**TASK DESCRIPTION:** In the data below, find each line that contains the word "start" and copy it.

**DATA TO EXAMINE:**
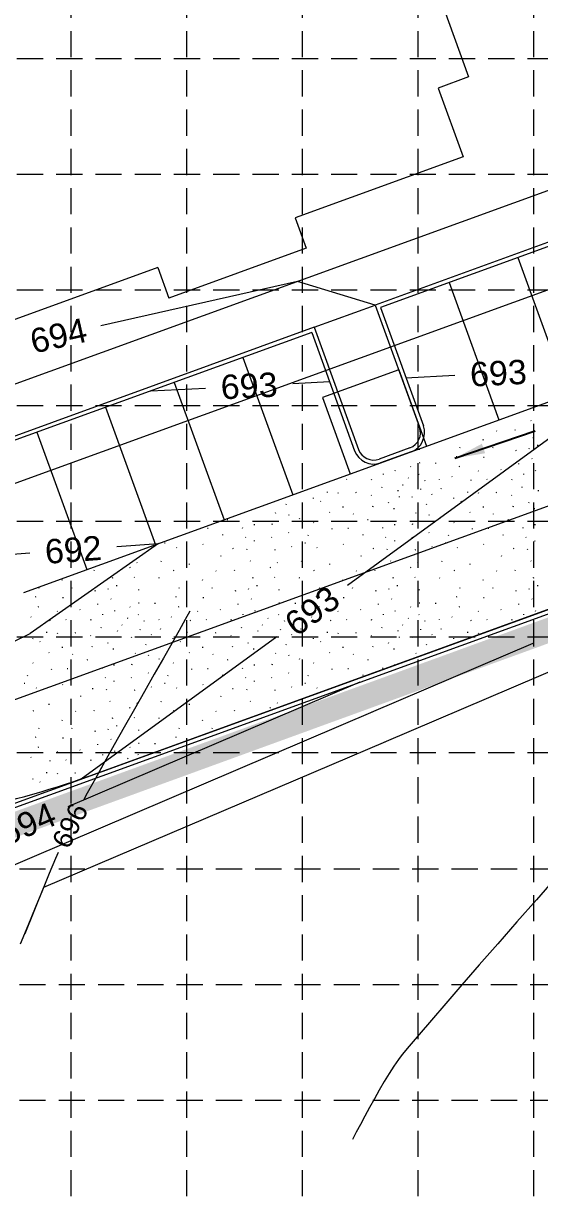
# Model space of a CAD drawing. Header units: feet. Extents: x 16394 to 17307, y 17282 to 17854.
# Drawn here: x 16830.6 to 16894.2, y 17356.9 to 17501.2 of the extents above; entities that cross this region are included whole.
import ezdxf
from ezdxf.enums import TextEntityAlignment as Align

# ---------------------------------------------------------------- set-up
doc = ezdxf.new("R2010")
doc.units = ezdxf.units.FT
doc.header["$MEASUREMENT"] = 0
doc.linetypes.add('DGN Style 5', pattern=[16.057456, 6.881767, -9.175689])
doc.linetypes.add('HIDDEN', pattern=[0.375, 0.25, -0.125])
for name, color, linetype, lineweight in [('_0', 1, 'Continuous', 0), ('Level 1', 7, 'Continuous', 0), ('Level 17', 7, 'Continuous', 0), ('Level 25', 7, 'Continuous', 0), ('Level 38', 7, 'Continuous', 0), ('Level 4', 7, 'Continuous', 0), ('Level 5', 7, 'Continuous', 0), ('Level 51', 7, 'Continuous', 0)]:
    doc.layers.add(name, color=color, linetype=linetype, lineweight=lineweight)
doc.layers.add('GRID', color=254, linetype='HIDDEN')
doc.layers.add('LIMITS OF DISTURBANCE', color=1, linetype='HIDDEN')
doc.styles.get("Standard").update_dxf_attribs({"font": 'ARIAL.TTF'})
doc.styles.add('Style-ENGINEERING', font='ENGINEERING.shx')
doc.dimstyles.get("Standard").update_dxf_attribs({"dimtxt": 0.18, "dimasz": 0.18, "dimexe": 0.18, "dimexo": 0.0625, "dimgap": 0.09, "dimtad": 0, "dimtih": 1, "dimtoh": 1, "dimdec": 4, "dimzin": 0, "dimdsep": 46, "dimtxsty": 'Standard', "dimcen": 0.09, "dimadec": 0, "dimazin": 0, "dimtfac": 1, "dimtdec": 4, "dimtofl": 0, "dimtmove": 0, "dimatfit": 3, "dimfxl": 0, "dimtolj": 1, "dimtzin": 0, "dimarcsym": 0})

msp = doc.modelspace()

# ---------------------------------------------------------------- linework, layer by layer
at = {"layer": 'GRID', "color": 252, "linetype": 'HIDDEN', "lineweight": 0, "ltscale": 12.9}
for p, q in [((16836.43, 17838.88), (16836.43, 17340.07)), ((16850.68, 17838.88), (16850.68, 17340.07)), ((16864.93, 17838.88), (16864.93, 17340.07)), ((16879.18, 17838.88), (16879.18, 17340.07)), ((16893.43, 17838.88), (16893.43, 17340.07)), ((16408.93, 17496.88), (17292.43, 17496.88)), ((16408.93, 17482.63), (17292.43, 17482.63)), ((16408.93, 17468.38), (17292.43, 17468.38)), ((16408.93, 17454.13), (17292.43, 17454.13)), ((16408.93, 17439.88), (17292.43, 17439.88)), ((16408.93, 17425.63), (17292.43, 17425.63)), ((16408.93, 17411.38), (17292.43, 17411.38)), ((16409.25, 17397.07), (17292.75, 17397.07)), ((16409.25, 17382.82), (17292.75, 17382.82)), ((16409.25, 17368.57), (17292.75, 17368.57))]:
    msp.add_line(p, q, dxfattribs=at)
at = {"layer": 'Level 1', "color": 7, "linetype": 'Continuous', "lineweight": 0}
msp.add_line((16820.63, 17414.69), (17136.81, 17529.54), dxfattribs=at)
at = {"layer": 'Level 1', "color": 35, "linetype": 'DGN Style 5', "lineweight": 0}
for p, q in [((16850.53, 17427.78), (16849.78, 17426.44)), ((16851.08, 17428.79), (16850.53, 17427.78)), ((16849.78, 17426.44), (16848.88, 17424.84)), ((16848.88, 17424.84), (16847.85, 17423.02)), ((16847.85, 17423.02), (16846.72, 17421.03)), ((16846.72, 17421.03), (16845.51, 17418.92)), ((16845.51, 17418.92), (16844.27, 17416.73)), ((16844.27, 17416.73), (16843.01, 17414.52)), ((16843.01, 17414.52), (16841.77, 17412.33)), ((16841.77, 17412.33), (16840.58, 17410.21)), ((16840.58, 17410.21), (16839.46, 17408.21)), ((16839.46, 17408.21), (16838.45, 17406.38)), ((16838.45, 17406.38), (16838.03, 17405.59)), ((16834.87, 17399.06), (16834.56, 17398.34)), ((16834.56, 17398.34), (16833.78, 17396.48)), ((16833.78, 17396.48), (16832.93, 17394.44)), ((16896.18, 17395.99), (16893.77, 17393.26)), ((16832.93, 17394.44), (16832.04, 17392.28)), ((16893.77, 17393.26), (16891.37, 17390.53)), ((16832.04, 17392.28), (16831.13, 17390.05)), ((16891.37, 17390.53), (16889.01, 17387.83)), ((16831.13, 17390.05), (16830.21, 17387.78)), ((16889.01, 17387.83), (16886.73, 17385.23)), ((16886.73, 17385.23), (16884.58, 17382.76)), ((16884.58, 17382.76), (16882.61, 17380.48)), ((16882.61, 17380.48), (16880.84, 17378.43)), ((16880.84, 17378.43), (16879.33, 17376.67)), ((16879.33, 17376.67), (16878.12, 17375.24)), ((16878.12, 17375.24), (16877.26, 17374.2)), ((16876.22, 17372.77), (16875.63, 17371.85)), ((16876.78, 17373.59), (16876.22, 17372.77)), ((16877.26, 17374.2), (16876.78, 17373.59)), ((16875.63, 17371.85), (16875.03, 17370.86)), ((16875.03, 17370.86), (16874.43, 17369.82)), ((16873.82, 17368.75), (16873.23, 17367.68)), ((16874.43, 17369.82), (16873.82, 17368.75)), ((16873.23, 17367.68), (16872.65, 17366.62)), ((16872.1, 17365.59), (16871.59, 17364.63)), ((16872.65, 17366.62), (16872.1, 17365.59)), ((16871.59, 17364.63), (16871.11, 17363.75))]:
    msp.add_line(p, q, dxfattribs=at)
at = {"layer": 'Level 17', "color": 7, "linetype": 'Continuous', "lineweight": 0}
for p, q in [((16879.97, 17509.64), (16885.43, 17494.6)), ((16885.43, 17494.6), (16881.67, 17493.23)), ((16881.67, 17493.23), (16884.74, 17484.77)), ((16884.74, 17484.77), (16864.06, 17477.26)), ((16864.06, 17477.26), (16865.43, 17473.5)), ((16865.43, 17473.5), (16848.51, 17467.36)), ((16847.14, 17471.12), (16820.83, 17461.56)), ((16847.14, 17471.12), (16848.51, 17467.36))]:
    msp.add_line(p, q, dxfattribs=at)
at = {"layer": 'Level 25', "color": 7, "linetype": 'Continuous', "lineweight": 0}
for p, q in [((16941.91, 17485.35), (16809.88, 17437.39)), ((16928.69, 17466.71), (16830.6, 17431.08)), ((16876.82, 17458.51), (16867.42, 17455.1)), ((16876.82, 17458.51), (16880.23, 17449.11)), ((16867.42, 17455.1), (16870.83, 17445.7)), ((16838.79, 17408.53), (16963.27, 17453.74))]:
    msp.add_line(p, q, dxfattribs=at)
msp.add_arc((16804.65, 17502.52), 100, 270.6587, 289.9625, dxfattribs=at)
at = {"layer": 'Level 38', "color": 7, "linetype": 'Continuous', "lineweight": 0}
for p, q in [((16914.95, 17487.79), (16817.56, 17452.41)), ((16925.61, 17485.28), (16873.92, 17466.5)), ((16925.31, 17484.64), (16874.56, 17466.2)), ((16891.48, 17472.35), (16897.62, 17455.43)), ((16883.02, 17469.27), (16889.16, 17452.35)), ((16866.4, 17463.77), (16873.92, 17466.5)), ((16873.92, 17466.5), (16879.38, 17451.46)), ((16874.56, 17466.2), (16879.85, 17451.63)), ((16866.4, 17463.77), (16823.16, 17448.06)), ((16866.4, 17463.77), (16871.86, 17448.73)), ((16866.1, 17463.13), (16823.8, 17447.76)), ((16866.1, 17463.13), (16871.39, 17448.56)), ((16857.64, 17460.06), (16863.78, 17443.14)), ((16849.18, 17456.98), (16855.33, 17440.06)), ((16822.19, 17402.49), (16963.27, 17453.74)), ((16840.72, 17453.91), (16846.87, 17436.99)), ((16822.36, 17402.02), (16963.44, 17453.27)), ((16832.26, 17450.84), (16838.41, 17433.92)), ((16878.18, 17448.9), (16874.42, 17447.53)), ((16878.35, 17448.43), (16874.59, 17447.06))]:
    msp.add_line(p, q, dxfattribs=at)
for centre, radius, start, end in [((16877.5, 17450.78), 2, 289.9625, 19.9625), ((16877.5, 17450.78), 2.5, 289.9625, 19.9625), ((16873.74, 17449.41), 2.5, 199.9625, 289.9625), ((16873.74, 17449.41), 2, 199.9625, 289.9625)]:
    msp.add_arc(centre, radius, start, end, dxfattribs=at)
at = {"layer": 'Level 5', "color": 35, "linetype": 'Continuous', "lineweight": 0}
for p, q in [((16864.35, 17469.41), (16840.15, 17463.93)), ((16873.92, 17466.5), (16864.35, 17469.41)), ((16870.49, 17432.01), (16907.68, 17459.08)), ((16863.76, 17456.83), (16868.3, 17457.07)), ((16877.7, 17457.55), (16883.72, 17457.85)), ((16846.31, 17455.94), (16853.02, 17456.28)), ((16941.15, 17440.85), (16874.98, 17412.63)), ((16847.25, 17437.13), (16831.44, 17426.05)), ((16842.1, 17436.76), (16847.25, 17437.13)), ((16828.17, 17435.75), (16831.38, 17435.98)), ((16805.68, 17413.58), (16831.44, 17426.05)), ((16837.72, 17408.14), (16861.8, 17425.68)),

**TASK OUTPUT:**
for centre, radius, start, end in [((16877.5, 17450.78), 2, 289.9625, 19.9625), ((16877.5, 17450.78), 2.5, 289.9625, 19.9625), ((16873.74, 17449.41), 2.5, 199.9625, 289.9625), ((16873.74, 17449.41), 2, 199.9625, 289.9625)]:
    msp.add_arc(centre, radius, start, end, dxfattribs=at)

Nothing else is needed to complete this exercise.